On stage, the magician paces back and forth excitedly as he talks briefly about thoughtforms, or manifestations of belief and mental energy. Mind reading, he claims, is nothing more than covertly drawing out such a thing to reveal someone's thoughts (and of course, as no one present has invested belief in such things, they have been rendered invisible to the audience, the magician says with a touch of humor towards the audience's reception of his save).

But does that mean that by believing in what you create, you can see it? Actually see its handiwork?

A young woman is called on stage and sat down in a chair opposite the magician's. Her name is Tabitha. Questioned by the magician, she confesses to slight, playful believe in notions of Eastern spirituality. Asked to recall a memory of an event from her life that was mysterious or that she couldn't explain, she discusses it briefly before the audience, magician included.

"Did anyone ever shed any light on it? Did you ever figure it out?"

She says no.

"Okay. You know where you were, at the time, right? Write it down. We're going to make a thoughtform, today, for everyone here."

The woman scribbles and folds her paper, she goes to hand it back - the magician denies, saying it's not important, that they just need a physical representation of the memory that they can then amplify into a greater being. He asks the audience to begin a low hum, like distant machinery. Lower. Even lower! An eerie sound fills the auditorium as he goes back to Tabitha and tears her written thought into tiny scraps of confetti, locking eye contact with her the entire time.

"Hold out your finger." She does, and still not looking, the magician balances the pieces precariously on the pad of her outstretched index finger. Telling her to cup her hands so that the scraps are in total darkness, he looks back at the audience. "Okay, now, slowly - slowly! - start to increase volume, all of you together. Get louder and louder, but take your time."

The hum starts to increase in power and volume.

The magician tells Tabitha to look inside at her finger. He says that the chanting is typical practice during certain forms of meditation, to help clear the mind. He tells her to listen to the humming subconsciously, while using her conscious mind to envision that the stage is that place from her memory, that she is there right now.

"And as you see it... see the berry bushes near your house... can you see it? The thoughtform is appearing! Look in your hands!"

A strong white glow radiates from her cupped hands, from her finger. "Your house number... there was a 2 in it, yes?" The hum gets louder and louder as Tabitha nods, smiling now.

"Watch it getting brighter and brighter, and picture this entire stage as nothing more than your arena, your memory... something you can't explain, but you just
know..."

The glow magnifies, and then suddenly, a jolt, and Tabitha and the magician both recoil, the scraps of paper flying from her hands, and the lights flicker. There are gasps and a break in the humming, as the magician tells her, "Quickly, quickly! Keep thinking!... your back yard, your first home in Connecticut! And were you once involved in an accident with water when you were younger? Yes? Why did that come to mind?"
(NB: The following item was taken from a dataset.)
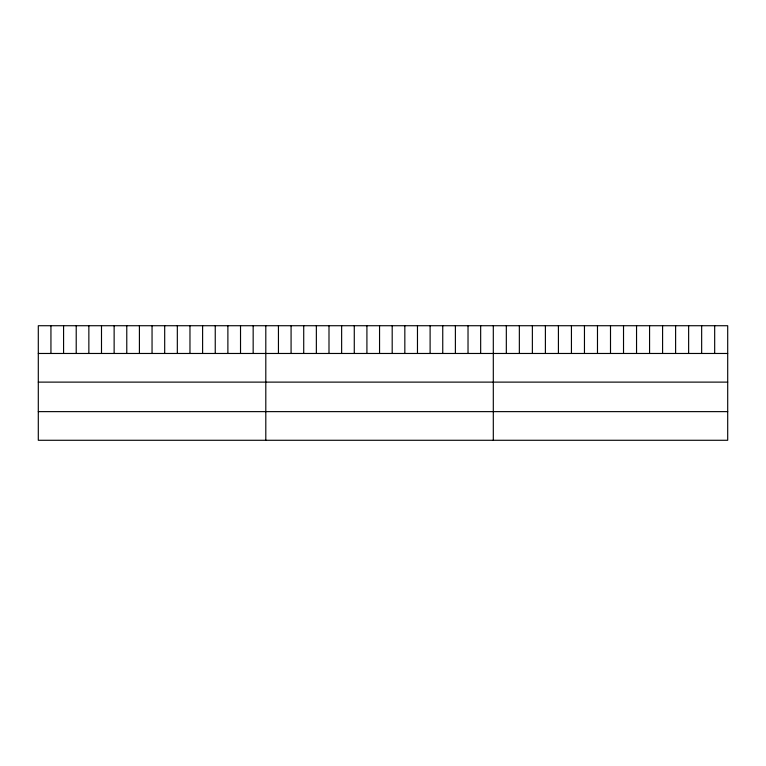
<?xml version="1.0" encoding="UTF-8"?>
<svg xmlns="http://www.w3.org/2000/svg" width="766" height="766" viewBox="0 0 766 766"><rect width="100%" height="100%" fill="white"/><g stroke="black" fill="none" stroke-linecap="round" stroke-linejoin="round"><path stroke-width="1.15" d="M727.7 353.471L727.7 440.278L38.3 440.278L38.3 325.722L727.7 325.722L727.7 353.471L38.3 353.471M38.3 382.119L727.7 382.119M38.3 411.629L727.7 411.629M714.678 325.722L714.678 353.471M701.656 325.722L701.656 353.471M688.634 325.722L688.634 353.471M675.612 325.722L675.612 353.471M662.59 325.722L662.59 353.471M649.568 325.722L649.568 353.471M636.546 325.722L636.546 353.471M623.524 325.722L623.524 353.471M610.502 325.722L610.502 353.471M597.48 325.722L597.48 353.471M584.458 325.722L584.458 353.471M571.436 325.722L571.436 353.471M558.414 325.722L558.414 353.471M545.392 325.722L545.392 353.471M532.37 325.722L532.37 353.471M519.348 325.722L519.348 353.471M506.326 325.722L506.326 353.471M493.304 325.722L493.304 440.278M480.665 325.722L480.665 353.471M468.026 325.722L468.026 353.471M455.387 325.722L455.387 353.471M442.748 325.722L442.748 353.471M430.109 325.722L430.109 353.471M417.47 325.722L417.47 353.471M404.831 325.722L404.831 353.471M392.192 325.722L392.192 353.471M379.553 325.722L379.553 353.471M366.914 325.722L366.914 353.471M354.275 325.722L354.275 353.471M341.636 325.722L341.636 353.471M328.997 325.722L328.997 353.471M316.358 325.722L316.358 353.471M303.719 325.722L303.719 353.471M291.08 325.722L291.08 353.471M278.441 325.722L278.441 353.471M265.802 325.722L265.802 440.278M253.163 325.722L253.163 353.471M240.524 325.722L240.524 353.471M227.885 325.722L227.885 353.471M215.246 325.722L215.246 353.471M202.607 325.722L202.607 353.471M189.968 325.722L189.968 353.471M177.329 325.722L177.329 353.471M164.69 325.722L164.69 353.471M152.051 325.722L152.051 353.471M139.412 325.722L139.412 353.471M126.773 325.722L126.773 353.471M114.134 325.722L114.134 353.471M101.495 325.722L101.495 353.471M88.856 325.722L88.856 353.471M76.217 325.722L76.217 353.471M63.578 325.722L63.578 353.471M50.939 325.722L50.939 353.471"/></g></svg>

After the applause dies down, the magician points out, by the leg of Tabitha's chair - a strange sculpture, a tiny trinket of some degree. An oddly shaped, oddly designed object of unknown function. It seems to have simply appeared. It is warm to the touch. He gives it to Tabitha as he escorts her back to her seat, her thoughtform taken shape, her strange memory now trapped in an even stranger device, forever.